JANUARY New mover mailings: The first month of the year is often a good time for direct mail. The holiday rush of mail has dissipated and many homeowners are stuck indoors as a

result of inclement weather. New year insurance benefits: Use your direct mail marketing pieces, patient e-newsletter, social media outlets and website/blog to remind patients that they may have new insurance benefits with the start of the new calendar year. Martin Luther King, Jr. Busy Day: Government, bank and school holidays provide the opportunity to easily fill the schedule with appointments for kids. This federal holiday is a very busy day in my practice. Parents and government workers look to take advantage of this day off to schedule their appointments. Train your front office staff to encourage parents to schedule their children on during these school closures. Fourth quarter and end of year ROI: Perform a fourth quarter and year-end assessment of the return on investment (ROI) for each of your individual marketing efforts. Discontinue marketing programs that did not benefit your practice.

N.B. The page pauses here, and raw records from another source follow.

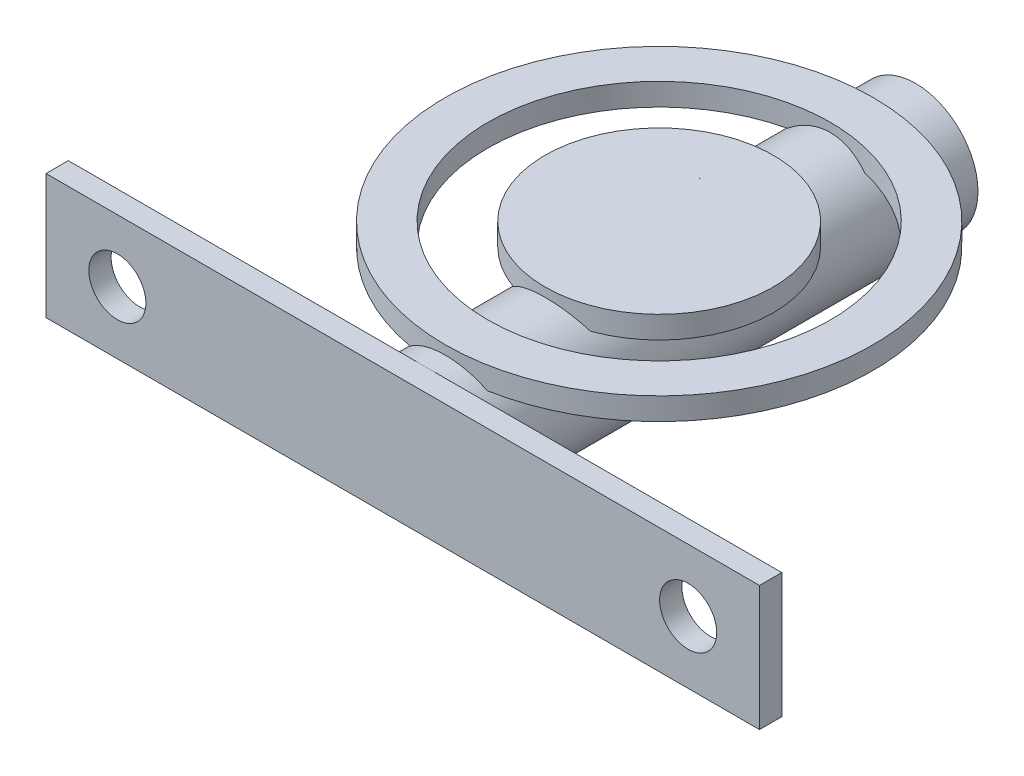
SolidWorks part; units mm, degrees
ref_plane "前视基准面" through (0, 0, 0) normal (0, 0, 1) x (1, 0, 0)
ref_plane "上视基准面" through (0, 0, 0) normal (0, 1, 0) x (1, 0, 0)
ref_plane "右视基准面" through (0, 0, 0) normal (1, 0, 0) x (0, 0, -1)
sketch "草图1" plane through (0, 0, 0) normal (0, 0, 1) x (1, 0, 0)
  circle A0 centre (0, 0) radius 3.5
extrude "凸台-拉伸1" add sketch "草图1" along normal blind 27.5
sketch "草图2" plane through (0, 0, 0) normal (0, 0, -1) x (-1, 0, 0)
  circle A0 centre (0, 0) radius 2.25
extrude "切除-拉伸1" cut sketch "草图2" against normal blind 8.2
sketch "草图3" plane through (0, 0, 27.5) normal (0, 0, 1) x (1, 0, 0)
  line L1 (-20, 3.5) -> (20, 3.5)
  line L2 (-20, 3.5) -> (-20, -3.5)
  line L3 (-20, -3.5) -> (20, -3.5)
  line L4 (20, 3.5) -> (20, -3.5)
  circle A0 centre (-16, 0) radius 1.6
  circle A1 centre (16, 0) radius 1.6
  point P6 (0, 0)
  point P7 (0, 0)
  point P10 (0, 0)
  point P11 (0, 0)
  point P12 (0, 0)
  point P13 (0, 0)
  point P14 (0, 0)
  point P15 (0, 0)
extrude "凸台-拉伸2" add sketch "草图3" along normal blind 1.25 contours L1 L4 L3 L2
extrude "切除-拉伸3" cut sketch "草图3<4>" along normal blind 1.5 contours A0 | A1
sketch "草图3<4>" plane through (0, 0, 27.5) normal (0, 0, 1) x (1, 0, 0) same geometry as "草图3"
sketch "草图6" plane through (0, 3.5, 0) normal (0, 1, 0) x (1, 0, 0)
  line L0 (0, -28.75) -> (0, 0)
  line L1 (-20, -28.75) -> (20, -28.75) construction
  circle A0 centre (0, -14.375) radius 12
  circle A1 centre (0, -14.375) radius 6.4
  circle A2 centre (0, -14.375) radius 9.6
extrude "凸台-拉伸3" add sketch "草图6" along normal blind 0.5 and the other way blind 0.75 contours L0 A1 | L0 A1 | A2 L0 A0 | A2 L0 A0 region at (-11.7317, 3.5, 14.375) region at (0.2683, 3.5, 25.175) region at (-2.7162, 3.5, 14.375) region at (2.7162, 3.5, 14.375)

New year marketing goals: Take time to brainstorm and outline your production and marketing goals for this year. Research new methods of marketing that might be beneficial and talk with colleagues in other cities to learn what is working to promote their practices.

FEBRUARY Successful new mover mailings: February is still a good time of year for direct mail. In fact, studies on the effectiveness of marketing efforts recognize this month as the most valuable month to utilize direct mail. National Dental Hygiene Month: February is Dental Hygiene Month, so schedule your dental assistant and hygienist to visit area pre-schools and elementary schools. Kids enjoy presentations on dental hygiene that encourage their participation and always love diving into goodie bags containing personalized products that staff members leave for them. The expectation, of course, is that they will share these items with their parents, providing them the contact information necessary to appoint their family in your practice. Use your blog and social media outlets to pass along informative articles on dental

hygiene this month. Caution! Be aware of the February fizzle: The second month of the year is commonly accompanied by a reduction in appointment scheduling, making marketing efforts even more important. Patients delaying year-end recommendations routinely complete treatment in January, thereby curtailing the rush to use new insurance benefits. Patient finances are traditionally squeezed at this time of year, resulting from credit card enhanced holiday bills. Overdue recall reminders highlighting spring break: This is a good time to run your overdue recall report and send out reminder postcards or emails at the beginning of the month. Use these postcards to entice families whose children are overdue for recall appointments to come in during Spring Break. Presidents’ Pediatric Dentistry Day: President’s Day is another busy federal holiday that requires us to open another patient column and gives my office the impression of a pediatric dentist.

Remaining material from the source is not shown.